Collection entries:

▬▬▬▬▬▬▬▬▬▬

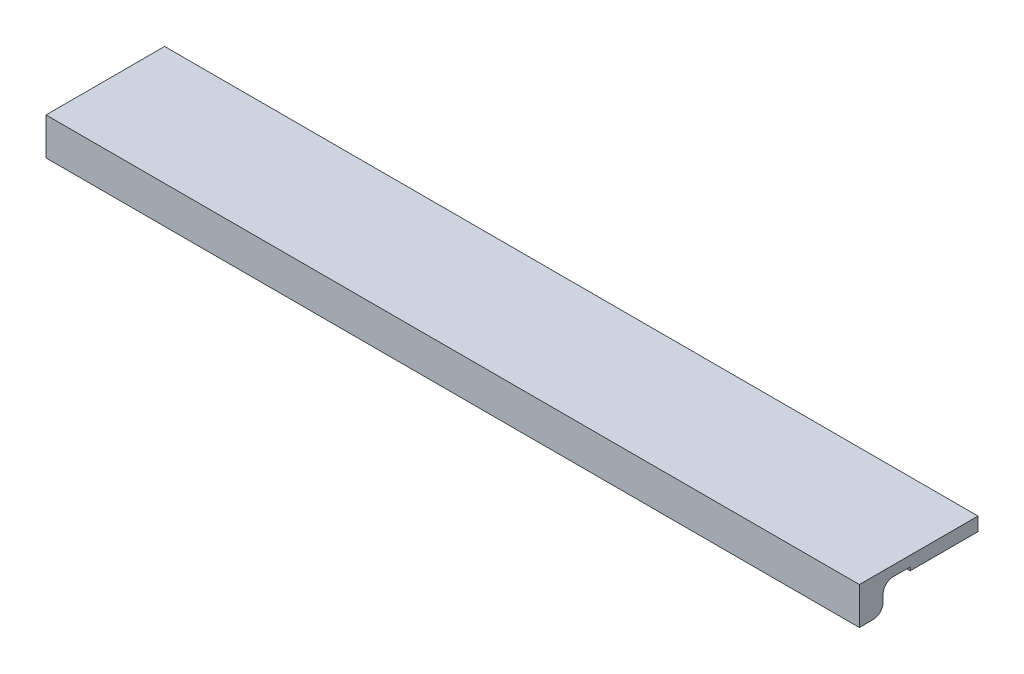
ISO-10303-21;
HEADER;
FILE_DESCRIPTION(('STEP AP214'),'2;1');
FILE_NAME('part.step','',(''),(''),'','','');
FILE_SCHEMA(('AUTOMOTIVE_DESIGN { 1 0 10303 214 1 1 1 1 }'));
ENDSEC;
DATA;
#1=APPLICATION_CONTEXT('core data for automotive mechanical design processes');
#2=APPLICATION_PROTOCOL_DEFINITION('international standard','automotive_design',2000,#1);
#3=PRODUCT_CONTEXT('',#1,'mechanical');
#4=PRODUCT('Part','Part','',(#3));
#5=PRODUCT_RELATED_PRODUCT_CATEGORY('part','',(#4));
#6=PRODUCT_DEFINITION_FORMATION('','',#4);
#7=PRODUCT_DEFINITION_CONTEXT('part definition',#1,'design');
#8=PRODUCT_DEFINITION('design','',#6,#7);
#9=PRODUCT_DEFINITION_SHAPE('','',#8);
#10=(LENGTH_UNIT() NAMED_UNIT(*) SI_UNIT(.MILLI.,.METRE.));
#11=(NAMED_UNIT(*) PLANE_ANGLE_UNIT() SI_UNIT($,.RADIAN.));
#12=(NAMED_UNIT(*) SI_UNIT($,.STERADIAN.) SOLID_ANGLE_UNIT());
#13=UNCERTAINTY_MEASURE_WITH_UNIT(LENGTH_MEASURE(1.E-05),#10,'distance_accuracy_value','');
#14=(GEOMETRIC_REPRESENTATION_CONTEXT(3) GLOBAL_UNCERTAINTY_ASSIGNED_CONTEXT((#13)) GLOBAL_UNIT_ASSIGNED_CONTEXT((#10,
#11,#12)) REPRESENTATION_CONTEXT('',''));
#15=CARTESIAN_POINT('',(0.,0.,0.));
#16=DIRECTION('',(0.,0.,1.));
#17=DIRECTION('',(1.,0.,0.));
#18=AXIS2_PLACEMENT_3D('',#15,#16,#17);
#19=CARTESIAN_POINT('',(0.,0.,0.));
#20=DIRECTION('',(0.,1.,0.));
#21=DIRECTION('',(0.,0.,1.));
#22=AXIS2_PLACEMENT_3D('',#19,#20,#21);
#23=PLANE('',#22);
#24=DIRECTION('',(1.,0.,0.));
#25=VECTOR('',#24,1.);
#26=CARTESIAN_POINT('',(120.,0.,2.5));
#27=LINE('',#26,#25);
#28=CARTESIAN_POINT('',(-120.,0.,2.50000000000001));
#29=VERTEX_POINT('',#28);
#30=CARTESIAN_POINT('',(120.,0.,2.5));
#31=VERTEX_POINT('',#30);
#32=EDGE_CURVE('E123',#29,#31,#27,.T.);
#33=ORIENTED_EDGE('',*,*,#32,.T.);
#34=DIRECTION('',(0.,0.,-1.));
#35=VECTOR('',#34,1.);
#36=CARTESIAN_POINT('',(120.,0.,-17.5));
#37=LINE('',#36,#35);
#38=CARTESIAN_POINT('',(120.,0.,7.5));
#39=VERTEX_POINT('',#38);
#40=EDGE_CURVE('E133',#39,#31,#37,.T.);
#41=ORIENTED_EDGE('',*,*,#40,.F.);
#42=DIRECTION('',(1.,0.,0.));
#43=VECTOR('',#42,1.);
#44=CARTESIAN_POINT('',(-120.,0.,7.5));
#45=LINE('',#44,#43);
#46=CARTESIAN_POINT('',(-120.,0.,7.5));
#47=VERTEX_POINT('',#46);
#48=EDGE_CURVE('E167',#39,#47,#45,.F.);
#49=ORIENTED_EDGE('',*,*,#48,.T.);
#50=DIRECTION('',(0.,0.,1.));
#51=VECTOR('',#50,1.);
#52=CARTESIAN_POINT('',(-120.,0.,-17.5));
#53=LINE('',#52,#51);
#54=EDGE_CURVE('E135',#29,#47,#53,.T.);
#55=ORIENTED_EDGE('',*,*,#54,.F.);
#56=EDGE_LOOP('',(#33,#41,#49,#55));
#57=FACE_BOUND('',#56,.T.);
#58=ADVANCED_FACE('F32',(#57),#23,.F.);
#59=CARTESIAN_POINT('',(120.,3.,-17.5));
#60=DIRECTION('',(-1.,0.,0.));
#61=DIRECTION('',(0.,0.,1.));
#62=AXIS2_PLACEMENT_3D('',#59,#60,#61);
#63=PLANE('',#62);
#64=DIRECTION('',(0.,-1.,0.));
#65=VECTOR('',#64,1.);
#66=CARTESIAN_POINT('',(120.,-7.,2.5));
#67=LINE('',#66,#65);
#68=CARTESIAN_POINT('',(120.,-0.999999999999952,2.5));
#69=VERTEX_POINT('',#68);
#70=EDGE_CURVE('E120',#31,#69,#67,.T.);
#71=ORIENTED_EDGE('',*,*,#70,.T.);
#72=DIRECTION('',(0.,0.,-1.));
#73=VECTOR('',#72,1.);
#74=CARTESIAN_POINT('',(120.,-0.999999999999952,-17.5));
#75=LINE('',#74,#73);
#76=CARTESIAN_POINT('',(120.,-0.999999999999952,-17.5));
#77=VERTEX_POINT('',#76);
#78=EDGE_CURVE('E11',#69,#77,#75,.T.);
#79=ORIENTED_EDGE('',*,*,#78,.T.);
#80=DIRECTION('',(0.,-1.,0.));
#81=VECTOR('',#80,1.);
#82=CARTESIAN_POINT('',(120.,3.,-17.5));
#83=LINE('',#82,#81);
#84=CARTESIAN_POINT('',(120.,3.,-17.5));
#85=VERTEX_POINT('',#84);
#86=EDGE_CURVE('E159',#85,#77,#83,.T.);
#87=ORIENTED_EDGE('',*,*,#86,.F.);
#88=DIRECTION('',(0.,0.,-1.));
#89=VECTOR('',#88,1.);
#90=CARTESIAN_POINT('',(120.,3.,-17.5));
#91=LINE('',#90,#89);
#92=CARTESIAN_POINT('',(120.,3.,17.5));
#93=VERTEX_POINT('',#92);
#94=EDGE_CURVE('E143',#93,#85,#91,.T.);
#95=ORIENTED_EDGE('',*,*,#94,.F.);
#96=DIRECTION('',(0.,-1.,0.));
#97=VECTOR('',#96,1.);
#98=CARTESIAN_POINT('',(120.,3.,17.5));
#99=LINE('',#98,#97);
#100=CARTESIAN_POINT('',(120.,-8.,17.5));
#101=VERTEX_POINT('',#100);
#102=EDGE_CURVE('E152',#93,#101,#99,.T.);
#103=ORIENTED_EDGE('',*,*,#102,.T.);
#104=DIRECTION('',(0.,0.,1.));
#105=VECTOR('',#104,1.);
#106=CARTESIAN_POINT('',(120.,-8.,17.5));
#107=LINE('',#106,#105);
#108=CARTESIAN_POINT('',(120.,-8.,13.5));
#109=VERTEX_POINT('',#108);
#110=EDGE_CURVE('E128',#109,#101,#107,.T.);
#111=ORIENTED_EDGE('',*,*,#110,.F.);
#112=CARTESIAN_POINT('',(120.,-5.,13.5));
#113=DIRECTION('',(-1.,0.,0.));
#114=DIRECTION('',(0.,0.,1.));
#115=AXIS2_PLACEMENT_3D('',#112,#113,#114);
#116=CIRCLE('',#115,3.);
#117=CARTESIAN_POINT('',(120.,-5.,10.5));
#118=VERTEX_POINT('',#117);
#119=EDGE_CURVE('E172',#109,#118,#116,.F.);
#120=ORIENTED_EDGE('',*,*,#119,.T.);
#121=DIRECTION('',(0.,1.,0.));
#122=VECTOR('',#121,1.);
#123=CARTESIAN_POINT('',(120.,-8.,10.5));
#124=LINE('',#123,#122);
#125=CARTESIAN_POINT('',(120.,-3.,10.5));
#126=VERTEX_POINT('',#125);
#127=EDGE_CURVE('E146',#118,#126,#124,.T.);
#128=ORIENTED_EDGE('',*,*,#127,.T.);
#129=CARTESIAN_POINT('',(120.,-3.,7.5));
#130=DIRECTION('',(-1.,0.,0.));
#131=DIRECTION('',(0.,0.,1.));
#132=AXIS2_PLACEMENT_3D('',#129,#130,#131);
#133=CIRCLE('',#132,3.);
#134=EDGE_CURVE('E140',#126,#39,#133,.T.);
#135=ORIENTED_EDGE('',*,*,#134,.T.);
#136=ORIENTED_EDGE('',*,*,#40,.T.);
#137=EDGE_LOOP('',(#71,#79,#87,#95,#103,#111,#120,#128,#135,#136));
#138=FACE_BOUND('',#137,.T.);
#139=ADVANCED_FACE('F138',(#138),#63,.F.);
#140=CARTESIAN_POINT('',(-120.,3.,-17.5));
#141=DIRECTION('',(0.,0.,1.));
#142=DIRECTION('',(1.,0.,0.));
#143=AXIS2_PLACEMENT_3D('',#140,#141,#142);
#144=PLANE('',#143);
#145=DIRECTION('',(-1.,0.,0.));
#146=VECTOR('',#145,1.);
#147=CARTESIAN_POINT('',(120.,-7.,-17.5));
#148=LINE('',#147,#146);
#149=CARTESIAN_POINT('',(110.,-7.,-17.5));
#150=VERTEX_POINT('',#149);
#151=CARTESIAN_POINT('',(-110.,-6.99999999999999,-17.5));
#152=VERTEX_POINT('',#151);
#153=EDGE_CURVE('E197',#150,#152,#148,.T.);
#154=ORIENTED_EDGE('',*,*,#153,.T.);
#155=DIRECTION('',(-0.857492925712545,0.514495755427526,0.));
#156=VECTOR('',#155,1.);
#157=CARTESIAN_POINT('',(-110.,-6.99999999999998,-17.5));
#158=LINE('',#157,#156);
#159=CARTESIAN_POINT('',(-120.,-0.99999999999994,-17.5));
#160=VERTEX_POINT('',#159);
#161=EDGE_CURVE('E188',#152,#160,#158,.T.);
#162=ORIENTED_EDGE('',*,*,#161,.T.);
#163=DIRECTION('',(0.,-1.,0.));
#164=VECTOR('',#163,1.);
#165=CARTESIAN_POINT('',(-120.,3.,-17.5));
#166=LINE('',#165,#164);
#167=CARTESIAN_POINT('',(-120.,3.,-17.5));
#168=VERTEX_POINT('',#167);
#169=EDGE_CURVE('E157',#168,#160,#166,.T.);
#170=ORIENTED_EDGE('',*,*,#169,.F.);
#171=DIRECTION('',(-1.,0.,0.));
#172=VECTOR('',#171,1.);
#173=CARTESIAN_POINT('',(-120.,3.,-17.5));
#174=LINE('',#173,#172);
#175=EDGE_CURVE('E217',#85,#168,#174,.T.);
#176=ORIENTED_EDGE('',*,*,#175,.F.);
#177=ORIENTED_EDGE('',*,*,#86,.T.);
#178=DIRECTION('',(-0.857492925712545,-0.514495755427526,0.));
#179=VECTOR('',#178,1.);
#180=CARTESIAN_POINT('',(120.,-0.999999999999952,-17.5));
#181=LINE('',#180,#179);
#182=EDGE_CURVE('E186',#77,#150,#181,.T.);
#183=ORIENTED_EDGE('',*,*,#182,.T.);
#184=EDGE_LOOP('',(#154,#162,#170,#176,#177,#183));
#185=FACE_BOUND('',#184,.T.);
#186=ADVANCED_FACE('F232',(#185),#144,.F.);
#187=CARTESIAN_POINT('',(-120.,3.,-17.5));
#188=DIRECTION('',(1.,0.,0.));
#189=DIRECTION('',(0.,0.,-1.));
#190=AXIS2_PLACEMENT_3D('',#187,#188,#189);
#191=PLANE('',#190);
#192=ORIENTED_EDGE('',*,*,#169,.T.);
#193=DIRECTION('',(0.,0.,1.));
#194=VECTOR('',#193,1.);
#195=CARTESIAN_POINT('',(-120.,-0.99999999999994,2.50000000000001));
#196=LINE('',#195,#194);
#197=CARTESIAN_POINT('',(-120.,-0.999999999999947,2.50000000000001));
#198=VERTEX_POINT('',#197);
#199=EDGE_CURVE('E56',#160,#198,#196,.T.);
#200=ORIENTED_EDGE('',*,*,#199,.T.);
#201=DIRECTION('',(0.,1.,0.));
#202=VECTOR('',#201,1.);
#203=CARTESIAN_POINT('',(-120.,-6.99999999999999,2.50000000000001));
#204=LINE('',#203,#202);
#205=EDGE_CURVE('E136',#198,#29,#204,.T.);
#206=ORIENTED_EDGE('',*,*,#205,.T.);
#207=ORIENTED_EDGE('',*,*,#54,.T.);
#208=CARTESIAN_POINT('',(-120.,-3.,7.5));
#209=DIRECTION('',(1.,0.,0.));
#210=DIRECTION('',(0.,0.,-1.));
#211=AXIS2_PLACEMENT_3D('',#208,#209,#210);
#212=CIRCLE('',#211,3.);
#213=CARTESIAN_POINT('',(-120.,-3.,10.5));
#214=VERTEX_POINT('',#213);
#215=EDGE_CURVE('E177',#47,#214,#212,.T.);
#216=ORIENTED_EDGE('',*,*,#215,.T.);
#217=DIRECTION('',(0.,1.,0.));
#218=VECTOR('',#217,1.);
#219=CARTESIAN_POINT('',(-120.,-8.,10.5));
#220=LINE('',#219,#218);
#221=CARTESIAN_POINT('',(-120.,-5.,10.5));
#222=VERTEX_POINT('',#221);
#223=EDGE_CURVE('E141',#222,#214,#220,.T.);
#224=ORIENTED_EDGE('',*,*,#223,.F.);
#225=CARTESIAN_POINT('',(-120.,-5.,13.5));
#226=DIRECTION('',(1.,0.,0.));
#227=DIRECTION('',(0.,0.,-1.));
#228=AXIS2_PLACEMENT_3D('',#225,#226,#227);
#229=CIRCLE('',#228,3.);
#230=CARTESIAN_POINT('',(-120.,-8.,13.5));
#231=VERTEX_POINT('',#230);
#232=EDGE_CURVE('E174',#222,#231,#229,.F.);
#233=ORIENTED_EDGE('',*,*,#232,.T.);
#234=DIRECTION('',(0.,0.,-1.));
#235=VECTOR('',#234,1.);
#236=CARTESIAN_POINT('',(-120.,-8.,17.5));
#237=LINE('',#236,#235);
#238=CARTESIAN_POINT('',(-120.,-8.,17.5));
#239=VERTEX_POINT('',#238);
#240=EDGE_CURVE('E211',#239,#231,#237,.T.);
#241=ORIENTED_EDGE('',*,*,#240,.F.);
#242=DIRECTION('',(0.,-1.,0.));
#243=VECTOR('',#242,1.);
#244=CARTESIAN_POINT('',(-120.,3.,17.5));
#245=LINE('',#244,#243);
#246=CARTESIAN_POINT('',(-120.,3.,17.5));
#247=VERTEX_POINT('',#246);
#248=EDGE_CURVE('E155',#247,#239,#245,.T.);
#249=ORIENTED_EDGE('',*,*,#248,.F.);
#250=DIRECTION('',(0.,0.,1.));
#251=VECTOR('',#250,1.);
#252=CARTESIAN_POINT('',(-120.,3.,-17.5));
#253=LINE('',#252,#251);
#254=EDGE_CURVE('E218',#168,#247,#253,.T.);
#255=ORIENTED_EDGE('',*,*,#254,.F.);
#256=EDGE_LOOP('',(#192,#200,#206,#207,#216,#224,#233,#241,#249,#255));
#257=FACE_BOUND('',#256,.T.);
#258=ADVANCED_FACE('F239',(#257),#191,.F.);
#259=CARTESIAN_POINT('',(-120.,3.,17.5));
#260=DIRECTION('',(0.,0.,-1.));
#261=DIRECTION('',(-1.,0.,0.));
#262=AXIS2_PLACEMENT_3D('',#259,#260,#261);
#263=PLANE('',#262);
#264=ORIENTED_EDGE('',*,*,#248,.T.);
#265=DIRECTION('',(-1.,0.,0.));
#266=VECTOR('',#265,1.);
#267=CARTESIAN_POINT('',(120.,-8.,17.5));
#268=LINE('',#267,#266);
#269=EDGE_CURVE('E208',#101,#239,#268,.T.);
#270=ORIENTED_EDGE('',*,*,#269,.F.);
#271=ORIENTED_EDGE('',*,*,#102,.F.);
#272=DIRECTION('',(1.,0.,0.));
#273=VECTOR('',#272,1.);
#274=CARTESIAN_POINT('',(-120.,3.,17.5));
#275=LINE('',#274,#273);
#276=EDGE_CURVE('E149',#247,#93,#275,.T.);
#277=ORIENTED_EDGE('',*,*,#276,.F.);
#278=EDGE_LOOP('',(#264,#270,#271,#277));
#279=FACE_BOUND('',#278,.T.);
#280=ADVANCED_FACE('F229',(#279),#263,.F.);
#281=CARTESIAN_POINT('',(0.,3.,0.));
#282=DIRECTION('',(0.,1.,0.));
#283=DIRECTION('',(0.,0.,1.));
#284=AXIS2_PLACEMENT_3D('',#281,#282,#283);
#285=PLANE('',#284);
#286=ORIENTED_EDGE('',*,*,#94,.T.);
#287=ORIENTED_EDGE('',*,*,#175,.T.);
#288=ORIENTED_EDGE('',*,*,#254,.T.);
#289=ORIENTED_EDGE('',*,*,#276,.T.);
#290=EDGE_LOOP('',(#286,#287,#288,#289));
#291=FACE_BOUND('',#290,.T.);
#292=ADVANCED_FACE('F224',(#291),#285,.T.);
#293=CARTESIAN_POINT('',(120.,-8.,10.5));
#294=DIRECTION('',(0.,0.,1.));
#295=DIRECTION('',(1.,0.,0.));
#296=AXIS2_PLACEMENT_3D('',#293,#294,#295);
#297=PLANE('',#296);
#298=ORIENTED_EDGE('',*,*,#223,.T.);
#299=DIRECTION('',(1.,0.,0.));
#300=VECTOR('',#299,1.);
#301=CARTESIAN_POINT('',(120.,-3.,10.5));
#302=LINE('',#301,#300);
#303=EDGE_CURVE('E164',#214,#126,#302,.T.);
#304=ORIENTED_EDGE('',*,*,#303,.T.);
#305=ORIENTED_EDGE('',*,*,#127,.F.);
#306=DIRECTION('',(1.,0.,0.));
#307=VECTOR('',#306,1.);
#308=CARTESIAN_POINT('',(120.,-5.,10.5));
#309=LINE('',#308,#307);
#310=EDGE_CURVE('E162',#118,#222,#309,.F.);
#311=ORIENTED_EDGE('',*,*,#310,.T.);
#312=EDGE_LOOP('',(#298,#304,#305,#311));
#313=FACE_BOUND('',#312,.T.);
#314=ADVANCED_FACE('F248',(#313),#297,.F.);
#315=CARTESIAN_POINT('',(0.,-8.,0.));
#316=DIRECTION('',(0.,1.,0.));
#317=DIRECTION('',(0.,0.,1.));
#318=AXIS2_PLACEMENT_3D('',#315,#316,#317);
#319=PLANE('',#318);
#320=ORIENTED_EDGE('',*,*,#240,.T.);
#321=DIRECTION('',(1.,0.,0.));
#322=VECTOR('',#321,1.);
#323=CARTESIAN_POINT('',(0.,-8.,13.5));
#324=LINE('',#323,#322);
#325=EDGE_CURVE('E169',#231,#109,#324,.T.);
#326=ORIENTED_EDGE('',*,*,#325,.T.);
#327=ORIENTED_EDGE('',*,*,#110,.T.);
#328=ORIENTED_EDGE('',*,*,#269,.T.);
#329=EDGE_LOOP('',(#320,#326,#327,#328));
#330=FACE_BOUND('',#329,.T.);
#331=ADVANCED_FACE('F242',(#330),#319,.F.);
#332=CARTESIAN_POINT('',(120.,-3.,7.5));
#333=DIRECTION('',(-1.,0.,0.));
#334=DIRECTION('',(0.,0.,1.));
#335=AXIS2_PLACEMENT_3D('',#332,#333,#334);
#336=CYLINDRICAL_SURFACE('',#335,3.);
#337=ORIENTED_EDGE('',*,*,#215,.F.);
#338=ORIENTED_EDGE('',*,*,#48,.F.);
#339=ORIENTED_EDGE('',*,*,#134,.F.);
#340=ORIENTED_EDGE('',*,*,#303,.F.);
#341=EDGE_LOOP('',(#337,#338,#339,#340));
#342=FACE_BOUND('',#341,.T.);
#343=ADVANCED_FACE('F255',(#342),#336,.F.);
#344=CARTESIAN_POINT('',(0.,-5.,13.5));
#345=DIRECTION('',(1.,0.,0.));
#346=DIRECTION('',(0.,0.,-1.));
#347=AXIS2_PLACEMENT_3D('',#344,#345,#346);
#348=CYLINDRICAL_SURFACE('',#347,3.);
#349=ORIENTED_EDGE('',*,*,#232,.F.);
#350=ORIENTED_EDGE('',*,*,#310,.F.);
#351=ORIENTED_EDGE('',*,*,#119,.F.);
#352=ORIENTED_EDGE('',*,*,#325,.F.);
#353=EDGE_LOOP('',(#349,#350,#351,#352));
#354=FACE_BOUND('',#353,.T.);
#355=ADVANCED_FACE('F252',(#354),#348,.T.);
#356=CARTESIAN_POINT('',(120.,-7.,2.5));
#357=DIRECTION('',(0.,-1.,0.));
#358=DIRECTION('',(1.,0.,0.));
#359=AXIS2_PLACEMENT_3D('',#356,#357,#358);
#360=PLANE('',#359);
#361=DIRECTION('',(-1.,0.,0.));
#362=VECTOR('',#361,1.);
#363=CARTESIAN_POINT('',(-120.,-6.99999999999999,-7.50000000000008));
#364=LINE('',#363,#362);
#365=CARTESIAN_POINT('',(110.,-7.,-7.50000000000009));
#366=VERTEX_POINT('',#365);
#367=CARTESIAN_POINT('',(-110.,-6.99999999999999,-7.50000000000008));
#368=VERTEX_POINT('',#367);
#369=EDGE_CURVE('E181',#366,#368,#364,.T.);
#370=ORIENTED_EDGE('',*,*,#369,.T.);
#371=DIRECTION('',(0.,0.,-1.));
#372=VECTOR('',#371,1.);
#373=CARTESIAN_POINT('',(-110.,-6.99999999999999,-17.5));
#374=LINE('',#373,#372);
#375=EDGE_CURVE('E183',#368,#152,#374,.T.);
#376=ORIENTED_EDGE('',*,*,#375,.T.);
#377=ORIENTED_EDGE('',*,*,#153,.F.);
#378=DIRECTION('',(0.,0.,1.));
#379=VECTOR('',#378,1.);
#380=CARTESIAN_POINT('',(110.,-7.,2.5));
#381=LINE('',#380,#379);
#382=EDGE_CURVE('E179',#150,#366,#381,.T.);
#383=ORIENTED_EDGE('',*,*,#382,.T.);
#384=EDGE_LOOP('',(#370,#376,#377,#383));
#385=FACE_BOUND('',#384,.T.);
#386=ADVANCED_FACE('F237',(#385),#360,.T.);
#387=CARTESIAN_POINT('',(0.,0.,2.50000000000001));
#388=DIRECTION('',(0.,0.,-1.));
#389=DIRECTION('',(-1.,0.,0.));
#390=AXIS2_PLACEMENT_3D('',#387,#388,#389);
#391=PLANE('',#390);
#392=ORIENTED_EDGE('',*,*,#205,.F.);
#393=DIRECTION('',(1.,0.,0.));
#394=VECTOR('',#393,1.);
#395=CARTESIAN_POINT('',(120.,-0.999999999999953,2.5));
#396=LINE('',#395,#394);
#397=EDGE_CURVE('E41',#198,#69,#396,.T.);
#398=ORIENTED_EDGE('',*,*,#397,.T.);
#399=ORIENTED_EDGE('',*,*,#70,.F.);
#400=ORIENTED_EDGE('',*,*,#32,.F.);
#401=EDGE_LOOP('',(#392,#398,#399,#400));
#402=FACE_BOUND('',#401,.T.);
#403=ADVANCED_FACE('F122',(#402),#391,.F.);
#404=CARTESIAN_POINT('',(120.,-0.999999999999952,-17.5));
#405=DIRECTION('',(0.514495755427526,-0.857492925712545,0.));
#406=DIRECTION('',(0.,0.,1.));
#407=AXIS2_PLACEMENT_3D('',#404,#405,#406);
#408=PLANE('',#407);
#409=ORIENTED_EDGE('',*,*,#182,.F.);
#410=ORIENTED_EDGE('',*,*,#78,.F.);
#411=DIRECTION('',(-0.65094455490412,-0.390566732942471,-0.65094455490412));
#412=VECTOR('',#411,1.);
#413=CARTESIAN_POINT('',(111.525423728814,-6.08474576271181,-5.97457627118644));
#414=LINE('',#413,#412);
#415=EDGE_CURVE('E36',#366,#69,#414,.F.);
#416=ORIENTED_EDGE('',*,*,#415,.F.);
#417=ORIENTED_EDGE('',*,*,#382,.F.);
#418=EDGE_LOOP('',(#409,#410,#416,#417));
#419=FACE_BOUND('',#418,.T.);
#420=ADVANCED_FACE('F34',(#419),#408,.T.);
#421=CARTESIAN_POINT('',(120.,-7.,-7.50000000000009));
#422=DIRECTION('',(0.,-0.857492925712545,0.514495755427526));
#423=DIRECTION('',(1.,0.,0.));
#424=AXIS2_PLACEMENT_3D('',#421,#422,#423);
#425=PLANE('',#424);
#426=ORIENTED_EDGE('',*,*,#415,.T.);
#427=ORIENTED_EDGE('',*,*,#397,.F.);
#428=DIRECTION('',(0.650944554904119,-0.390566732942471,-0.650944554904119));
#429=VECTOR('',#428,1.);
#430=CARTESIAN_POINT('',(-12.5423728813558,-65.4745762711864,-104.957627118644));
#431=LINE('',#430,#429);
#432=EDGE_CURVE('E191',#368,#198,#431,.F.);
#433=ORIENTED_EDGE('',*,*,#432,.F.);
#434=ORIENTED_EDGE('',*,*,#369,.F.);
#435=EDGE_LOOP('',(#426,#427,#433,#434));
#436=FACE_BOUND('',#435,.T.);
#437=ADVANCED_FACE('F361',(#436),#425,.T.);
#438=CARTESIAN_POINT('',(-110.,-6.99999999999999,2.49999999999991));
#439=DIRECTION('',(-0.514495755427526,-0.857492925712544,0.));
#440=DIRECTION('',(0.,0.,1.));
#441=AXIS2_PLACEMENT_3D('',#438,#439,#440);
#442=PLANE('',#441);
#443=ORIENTED_EDGE('',*,*,#432,.T.);
#444=ORIENTED_EDGE('',*,*,#199,.F.);
#445=ORIENTED_EDGE('',*,*,#161,.F.);
#446=ORIENTED_EDGE('',*,*,#375,.F.);
#447=EDGE_LOOP('',(#443,#444,#445,#446));
#448=FACE_BOUND('',#447,.T.);
#449=ADVANCED_FACE('F238',(#448),#442,.T.);
#450=CLOSED_SHELL('',(#58,#139,#186,#258,#280,#292,#314,#331,#343,#355,#386,#403,#420,#437,#449));
#451=MANIFOLD_SOLID_BREP('B2',#450);
#452=ADVANCED_BREP_SHAPE_REPRESENTATION('',(#18,#451),#14);
#453=SHAPE_DEFINITION_REPRESENTATION(#9,#452);
ENDSEC;
END-ISO-10303-21;

▬▬▬▬▬▬▬▬▬▬

Exercise prompt: Reproduce exactly the lines of the entries above from the first through the line with "#6=PRODUCT_DEFINITION_FORMATION('','',#4);", both included; pictures should not be reproduced.

Response to this task:
ISO-10303-21;
HEADER;
FILE_DESCRIPTION(('STEP AP214'),'2;1');
FILE_NAME('part.step','',(''),(''),'','','');
FILE_SCHEMA(('AUTOMOTIVE_DESIGN { 1 0 10303 214 1 1 1 1 }'));
ENDSEC;
DATA;
#1=APPLICATION_CONTEXT('core data for automotive mechanical design processes');
#2=APPLICATION_PROTOCOL_DEFINITION('international standard','automotive_design',2000,#1);
#3=PRODUCT_CONTEXT('',#1,'mechanical');
#4=PRODUCT('Part','Part','',(#3));
#5=PRODUCT_RELATED_PRODUCT_CATEGORY('part','',(#4));
#6=PRODUCT_DEFINITION_FORMATION('','',#4);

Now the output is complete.